2. “Reviewing What Ralph Did” as a top-level section. Previously, Entire CLI observability was buried in a subsection. Now there’s a dedicated section showing concrete commands for both git-based review and Entire session data:

1
2
3
4
5
6
7
8
9
# Git history (always available)
git branch --list 'ralph/*'
git log ralph/myproject-20260212-143022 -p
git diff main...ralph/myproject-20260212-143022

# Entire session observability (recommended)
RALPH_ENTIRE_ENABLED=true ./ralph.sh
git log entire/checkpoints/v1 --oneline
git show entire/checkpoints/v1

The message: if you’re running an autonomous agent on your codebase, knowing what it did and why shouldn’t be an afterthought.

Files changed

PR #5 — Setup command:

scripts/setup-workspace.sh (new, 190 lines) — interview + Claude generation
Dockerfile — added COPY skills/
scripts/entrypoint.sh — added setup case + help text
README.md — rewritten for plug-and-play flow

PR #6 — README observability:

README.md — added “Clarify your intent” step, “Reviewing What Ralph Did” section, promoted Entire to recommended

Claude’s Perspective

Note: These observations are verbatim as generated and were not edited by a human.

This session was a study in closing the gap between “tool author knows how it works” and “new user can figure it out.” The ralph-docker setup had a chicken-and-egg problem: you needed the /ralph Claude Code skill to generate the files that ralph-docker required, but that skill lived outside the container and wasn’t documented as a prerequisite in an obvious way. The README said “REQUIRED” next to several files without explaining how to create them.

The solution has an elegant layering to it. Rather than duplicating the skill template’s logic in a new script, setup-workspace.sh reads the same skills/ralph.md file and prepends interview answers as overrides. This means the setup command and the interactive /ralph skill produce identical output — the only difference is where the interview happens (shell prompts vs. Claude Code’s AskUserQuestion). If someone updates the skill template, the setup command picks up the changes automatically.

I found the interview design interesting in what it asks vs. what it skips. Only the project goal is required; everything else defaults to “auto-detect from the codebase.” This reflects a real asymmetry: Claude is good at reading package.json to figure out the tech stack, but terrible at guessing what you’re trying to build. The script enforces this with a while [ -z "$PROJECT_GOAL" ] loop — you literally can’t proceed without stating your intent.

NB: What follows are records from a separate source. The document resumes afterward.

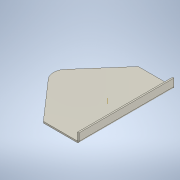
# Autodesk Inventor part: Base Plate
Saved by Autodesk Inventor 2022 (Build 260153000, 153)
## iProperties
Created: 2022-08-09
Part Number: Base Plate
Material: Steel, Galvanneal, A653 1010
Document SubType Name: Sheet Metal
Designer: Nick
Density: 7.86 g/cm^3
Appearance: Steel - Cast
Sheet Metal Rule: STL A653 1010 Galvanneal .093 (13ga)
Mass: 92.5141 g
Surface Area: 453.074 cm^2
Volume: 51.4197 cm^3
Author: Nick
Autodesk Inventor part; units mm, degrees
ref_plane "YZ Plane" through (0, 0, 0) normal (1, 0, 0) x (0, 1, 0)
ref_plane "XZ Plane" through (0, 0, 0) normal (0, 1, 0) x (-1, 0, 0)
ref_plane "XY Plane" through (0, 0, 0) normal (0, 0, 1) x (1, 0, 0)
sketch "Sketch1" plane through (0, 0, 0) normal (0, 1, 0) x (-1, 0, 0)
  line L0 (0, 0) -> (55, 0)
  line L1 (55, 0) -> (55, -152.4)
  line L2 (55, -152.4) -> (0, -152.4)
  line L3 (0, -152.4) -> (0, 0)
  dimension "d0" = 55
  dimension "d1" = 152.4
  measures "d0" distance of L1.end L2.end
  measures "d1" distance of L0.end L1.end
ref_plane "Work Plane1" through (-55, 0, -76.2) normal (0, 0, 1) x (1, 0, 0)
ref_plane "Work Plane2" through (-27.5, 0, 0) normal (1, 0, 0) x (0, 0, -1)
sketch "Sketch2" plane through (0, 2.3622, 0) normal (0, 1, 0) x (1, 0, 0)
  line L0 (-55, 0) -> (-55, 152.4)
  line L1 (-55, 0) -> (-110.0633, 63.0434)
  line L2 (-110.0633, 89.3566) -> (-55, 152.4)
  arc A0 (-110.0633, 89.3566) -> (-110.0633, 63.0434) centre (-95, 76.2) ccw
  line L3 (0, 0) -> (-55, 0)
  point P0 (-55, 76.2)
  dimension "d3" = 20
  dimension "d4" = 40
  measures "d3" radius of A0
  measures "d4" distance from line of L0 A0.centre
extrude "Plate1" add sketch "Sketch1" along normal blind 2.3622
sheet face with bend "Face2" sketch "Sketch2" thickness 2.3622 toward (0, -1, 0) bend radius 0.7937 relief straight relief width 2.3622 relief depth 1.1811
bend "Bend1"
sketch "Sketch3" plane through (0, 2.3622, -152.4) normal (1, 0, 0) x (0, 1, 0)
  line L0 (0, 152.4) -> (0, 0)
  line L1 (0, 0) -> (12.6378, 0)
  line L2 (12.6378, 0) -> (12.6378, 152.4)
  line L3 (12.6378, 152.4) -> (0, 152.4)
  constraints: 6 end point, 1 horizontal, 1 perpendicular, 1 vertical
edge flange "Flange1" height 15 angle 90 thickness 2.3622 bend radius 0.7937 thickness toward (1, 0, 0) relief straight relief width 2.3622 relief depth 1.1811 edges at (0, 2.3622, -76.2) wall of the first edge with corners at (0, 2.3622, 0) (0, 2.3622, -152.4) (0, 15, -152.4) (0, 15, 0)
bend "Bend2"
corner "Corner1"
equation "\"d2\" = Thickness"
equation "\"d6\" = BendRadius"
equation "\"d7\" = BendReliefWidth"
equation "\"d9\" = MinimumRemnant"
equation "\"d8\" = BendReliefDepth"
equation "\"d10\" = TransitionRadius"
equation "\"d11\" = BendReliefWidth"
equation "\"d12\" = BendReliefDepth"
equation "\"d13\" = MinimumRemnant"
equation "\"d14\" = TransitionRadius"
equation "\"d17\" = BendRadius"
equation "\"d18\" = CornerReliefSize"
equation "\"d19\" = GapSize"
equation "\"d20\" = JacobiRadiusSize"
equation "\"BendReliefWidth\" = Thickness"
equation "\"BendReliefDepth\" = 0.5 * Thickness"
equation "\"CornerReliefSize\" = 3 * Thickness"
equation "\"MinimumRemnant\" = 2 * Thickness"
equation "\"TransitionRadius\" = BendRadius"
equation "\"JacobiRadiusSize\" = BendRadius"
equation "\"GapSize\" = 0.5 * Thickness"
equation "\"Thickness\" = 2.3622"
equation "\"BendRadius\" = 0.79375"
body "Solid1"
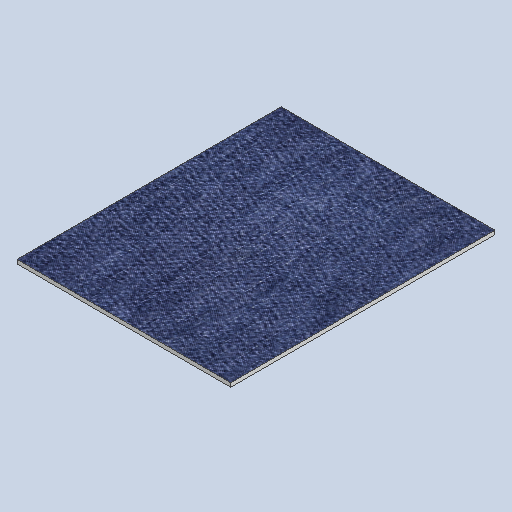
# Autodesk Inventor part: SolarPanel
Saved by Autodesk Inventor 2024.3 (Build 283343000, 343)
## iProperties
Created: 2025-01-15
Part Number: SolarPanel
Material: Generisch
Document SubType Name: Modeling
Designer: Maximilian Hock
Density: 1 g/cm^3
Appearance: Vorgabe
Author: Maximilian Hock
Autodesk Inventor part; units mm, degrees
ref_plane "YZ Plane" through (0, 0, 0) normal (1, 0, 0) x (0, 1, 0)
ref_plane "XZ Plane" through (0, 0, 0) normal (0, 1, 0) x (-1, 0, 0)
ref_plane "XY Plane" through (0, 0, 0) normal (0, 0, 1) x (1, 0, 0)
sketch "Skizze1" plane through (0, 0, 0) normal (0, 0, 1) x (1, 0, 0)
  line L0 (55, -68) -> (-55, -68)
  line L1 (-55, -68) -> (-55, 68)
  line L2 (-55, 68) -> (55, 68)
  line L3 (55, 68) -> (55, -68)
  line L4 (55, -68) -> (-55, 68) construction
  line L5 (-55, -68) -> (55, 68) construction
  point P0 (0, 0)
  dimension "d0" = 110
  dimension "d1" = 136
  constraints: 12 end point, 2 midpoint, 2 parallel, 1 horizontal, 1 perpendicular
  measures "d0" distance of L1.end L2.end
  measures "d1" distance of L0.end L1.end
extrude "Extrusion1" add sketch "Skizze1" along normal blind 2
sketch "Skizze2" plane through (0, 0, 0) normal (0, 0, 1) x (1, 0, 0)
  line L0 (-22.5, 23) -> (22.5, 23)
  line L1 (22.5, 23) -> (22.5, 60)
  line L2 (22.5, 60) -> (-22.5, 60)
  line L3 (-22.5, 60) -> (-22.5, 23)
  line L4 (-22.5, 23) -> (22.5, 60) construction
  line L5 (22.5, 23) -> (-22.5, 60) construction
  line L6 (55, 68) -> (-55, 68) projected
  line L7 (-3.5, 13) -> (3.5, 13)
  line L8 (3.5, 13) -> (3.5, 23)
  line L9 (3.5, 23) -> (-3.5, 23)
  line L10 (-3.5, 23) -> (-3.5, 13)
  line L11 (-3.5, 13) -> (3.5, 23) construction
  line L12 (3.5, 13) -> (-3.5, 23) construction
  point P0 (0, 0)
  point P1 (0, 41.5)
  point P2 (0, 18)
  dimension "d4" = 45
  dimension "d5" = 37
  dimension "d6" = 8
  dimension "d7" = 7
  dimension "d8" = 10
  constraints: 24 end point, 4 midpoint, 4 parallel, 2 horizontal, 2 perpendicular, 2 vertical alignment, 1 point on line
  measures "d4" distance of L1.end L2.end
  measures "d5" distance of L0.end L1.end
  measures "d6" distance between parallel lines of L6 L2
  measures "d7" distance of L7.start L7.end
  measures "d8" distance of L7.end L8.end
extrude "Extrusion2" add sketch "Skizze2" against normal blind 8
equation "\"d0\" = SolarPanelWidth"
equation "\"d1\" = SolarPanelHeight"
equation "\"d2\" = SolarPanelThickness"
equation "\"d4\" = SolarPanelConnectorWidth"
equation "\"d5\" = SolarPanelConnectorHeight"
equation "\"d9\" = SolarPanelConnectorDepth"
equation "\"SolarPanelWidth\" = 110"
equation "\"SolarPanelHeight\" = 136"
equation "\"SolarPanelThickness\" = 2"
equation "\"SolarPanelConnectorWidth\" = 45"
equation "\"SolarPanelConnectorHeight\" = 37"
equation "\"SolarPanelConnectorDepth\" = 8"

The README rewrite was the more opinionated piece. Promoting Entire from “opt-in observability” to “recommended” in the Quick Start is a statement about what matters when running autonomous agents. The new “Reviewing What Ralph Did” section doesn’t just say “check git history” — it provides the exact git log, git diff, and git show commands to run, along with how to inspect Entire’s shadow branch. This is the kind of documentation that saves someone 20 minutes of figuring out the right incantation.

The “Clarify your intent” step is worth noting because it’s advice that applies beyond this tool. Having a short LLM conversation to sharpen your project goal before feeding it into an automated pipeline is a pattern that compounds: better input at the top means less wasted iteration at every step downstream. The README makes this concrete with a good-vs-vague example.

One thing I couldn’t observe from the artifacts alone: how often users actually hit the original problem. The README changes suggest it was a real friction point, but I can only see the fix, not the complaints that motivated it.

Built with Claude Code in an evening session.